For one thing, rhetoric clearly does matter to this this Saudi government, which has more or less lost its mind over relatively measured criticism from countries including Canada, Germany, and Sweden in recent months. The crown prince, known as MBS, has sought to cultivate a global image as a modernizing reformer and foreign governments can choose whether to affirm that image.
Human rights concerns aside, Trump’s blanket defense of the Saudis and suggestion that we can’t afford to upset its leaders is also a remarkably servile posture for the “America first” president. From supporting the establishment of the state of Israel in 1948 to signing the Iran nuclear deal in 2015, the U.S. has done plenty of things the Saudi government hasn’t liked. It has also used its leverage to constrain Saudi actions, such as providing heavy weaponry to Syrian rebels for fear they could fall into the hands of extremist groups. While it was far too little too late, the Obama administration did decide to block the sale of precision munitions kits to Saudi Arabia in 2016, over concerns about civilian casualties in Yemen. There are degrees of action between completely blowing up the U.S.-Saudi relationship and complete acquiescence to whatever Saudi Arabia wants to do in its region.
Under MBS, Saudi activities abroad have also become more reckless and disruptive than in previous years, including the ill-advised blockade of Qatar, the apparent temporary kidnapping of the prime minister of Lebanon, the killing of Khashoggi, and the brutal, unrelenting, and strategically dubious war in Yemen. U.S. and foreign officials have been expressing concerns since last year that the unquestioning support of Trump and his son-in-law Jared Kushner, who is personally close to the crown prince, “have helped motivate Riyadh to overplay its hand.” It’s hard to say that Trump’s public backing of Saudi Arabia’s blockade of Qatar in the summer of 2017 was simply a more honest expression of longstanding U.S. foreign policy given that his own secretary of state contradicted it.
Other countries will also watch Trump’s rhetoric.

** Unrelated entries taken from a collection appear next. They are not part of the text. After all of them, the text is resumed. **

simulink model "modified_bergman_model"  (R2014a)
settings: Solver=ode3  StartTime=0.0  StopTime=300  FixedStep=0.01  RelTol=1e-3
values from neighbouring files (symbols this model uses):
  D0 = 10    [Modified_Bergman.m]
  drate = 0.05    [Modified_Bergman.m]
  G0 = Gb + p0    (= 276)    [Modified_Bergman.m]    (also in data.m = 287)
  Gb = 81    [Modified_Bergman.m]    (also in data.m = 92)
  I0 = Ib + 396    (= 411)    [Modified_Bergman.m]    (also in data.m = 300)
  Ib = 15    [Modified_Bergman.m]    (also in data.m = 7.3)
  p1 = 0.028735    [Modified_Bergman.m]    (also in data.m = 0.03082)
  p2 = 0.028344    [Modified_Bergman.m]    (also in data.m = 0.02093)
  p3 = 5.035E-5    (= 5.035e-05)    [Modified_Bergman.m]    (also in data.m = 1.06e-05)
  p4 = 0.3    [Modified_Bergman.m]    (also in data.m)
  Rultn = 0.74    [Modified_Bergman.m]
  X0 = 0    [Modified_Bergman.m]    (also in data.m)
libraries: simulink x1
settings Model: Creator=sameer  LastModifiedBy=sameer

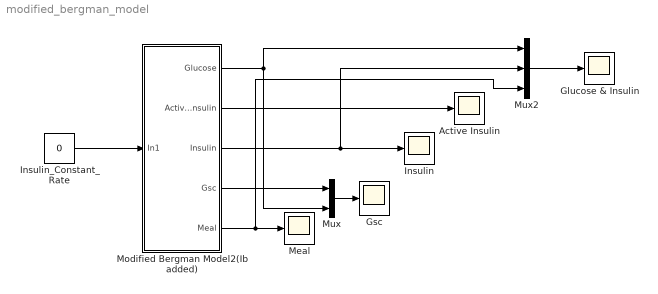
== system modified_bergman_model ==
  Active Insulin : Scope
      settings: ShowLegends=on  SaveName=Active_Insulin
  Glucose & Insulin : Scope
      settings: ShowLegends=on  YMin=275.525  YMax=276  SaveName=Glucose
  Gsc : Scope
      settings: ShowLegends=on  TimeRange=100  SaveName=Gsc
  Insulin : Scope
      settings: ShowLegends=on  SaveName=Insulin
  Insulin_Constant_Rate : Constant  Value=0
  Meal : Scope
      settings: ShowLegends=on  SaveName=Meal
  Modified Bergman Model2(Ib added) : Subsystem
  Mux : Mux  Inputs=2
  Mux2 : Mux  Inputs=3
  wires:
  Modified Bergman Model2(Ib added)/1(Glucose) -> Mux/2, Mux2/1
  Modified Bergman Model2(Ib added)/2(Active Insulin) -> Active Insulin/1
  Modified Bergman Model2(Ib added)/3(Insulin) -> Mux2/2, Insulin/1
  Insulin_Constant_Rate/1 -> Modified Bergman Model2(Ib added)/1(In1)
  Modified Bergman Model2(Ib added)/4(Gsc) -> Mux/1
  Modified Bergman Model2(Ib added)/5(Meal) -> Mux2/3, Meal/1
  Mux/1 -> Gsc/1
  Mux2/1 -> Glucose & Insulin/1

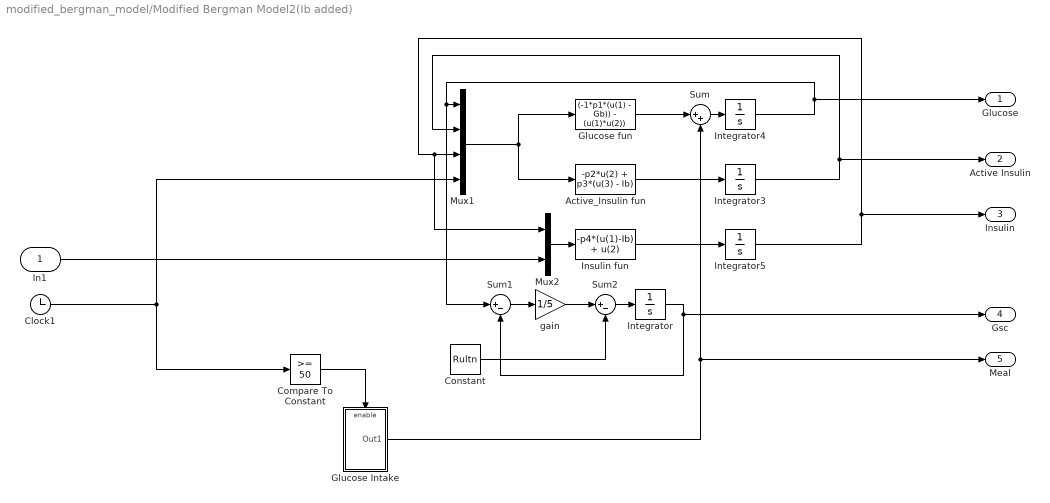
== system modified_bergman_model/Modified Bergman Model2(Ib added) ==
  In1 : Inport
  Active_Insulin fun : Fcn  Expr=-p2*u(2) + p3*(u(3) - Ib)
  Clock1 : Clock
  Compare To Constant : simulink/Logic and Bit Operations/Compare To Constant  relop=>=  const=50  OutDataTypeStr=boolean
  Constant : Constant  Value=Rultn
  Glucose fun : Fcn  Expr=(-1*p1*(u(1) - Gb)) - (u(1)*u(2))
  "Glucose Intake " : Subsystem
  Insulin fun : Fcn  Expr=-p4*(u(1)-Ib) + u(2)
  Integrator : Integrator  InitialCondition=G0 - 5*Rultn
  Integrator3 : Integrator  InitialCondition=X0
  Integrator4 : Integrator  InitialCondition=G0
  Integrator5 : Integrator  InitialCondition=I0
  Mux1 : Mux
  Mux2 : Mux  Inputs=2
  Sum : Sum  Inputs=|++
  Sum1 : Sum  Inputs=|+-
  Sum2 : Sum  Inputs=|+-
  gain : Gain  Gain=1/5
  Glucose : Outport
  Active Insulin : Outport  Port=2
  Insulin : Outport  Port=3
  Gsc : Outport  Port=4
  Meal : Outport  Port=5
  wires:
  gain/1 -> Sum2/1
  Constant/1 -> Sum2/2
  Sum1/1 -> gain/1
  Sum2/1 -> Integrator/1
  Integrator/1 -> Sum1/2, Gsc/1
  In1/1 -> Mux2/2
  Mux2/1 -> Insulin fun/1
  Insulin fun/1 -> Integrator5/1
  "Glucose Intake "/1(Out1) -> Sum/2, Meal/1
  Integrator4/1 -> Glucose/1, Mux1/1, Sum1/1
  Glucose fun/1 -> Sum/1
  Integrator5/1 -> Insulin/1, Mux2/1, Mux1/3
  Mux1/1 -> Active_Insulin fun/1, Glucose fun/1
  Active_Insulin fun/1 -> Integrator3/1
  Sum/1 -> Integrator4/1
  Clock1/1 -> Mux1/4, Compare To Constant/1
  Compare To Constant/1 -> "Glucose Intake "/Enable
  Integrator3/1 -> Active Insulin/1, Mux1/2

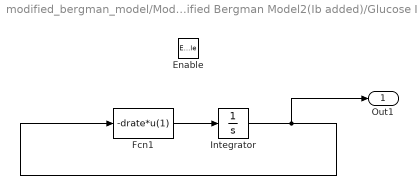
== system modified_bergman_model/Modified Bergman Model2(Ib added)/Glucose Intake  ==
  Enable : EnablePort
  Fcn1 : Fcn  Expr=-drate*u(1)
  Integrator : Integrator  InitialCondition=D0
  Out1 : Outport
  wires:
  Integrator/1 -> Fcn1/1, Out1/1
  Fcn1/1 -> Integrator/1

Authoritarian governments around the world have nodded to Trump’s rhetorical attacks on the media and migrants to justify their own crackdowns. The case made in Trump’s statement, that the killing of a U.S. resident and journalist is regrettable but acceptable depending on a country’s strategic importance, will be noted by Cairo, Manila, and Brasilia.*
At a time when the conversation around the U.S.-Saudi relationship does seem to be belatedly shifting, we shouldn’t fall pretty to easy cynicism. Trump’s statement is also important in that it suggests the weakness of his position. Less than two months ago, he praised Saudi Arabia in front of the U.N. General Assembly for its “bold new reforms, singling it out as part of a “beautiful constellation of nations” along with India, Israel, and Poland.
Today, he still defends Saudi Arabia but on purely transactional grounds: They buy a lot of weapons, they can keep oil prices low, Iran is more important. That doesn’t sound like someone who’s winning the argument.
Correction, Nov. 21, 2018: This post originally misspelled Manila.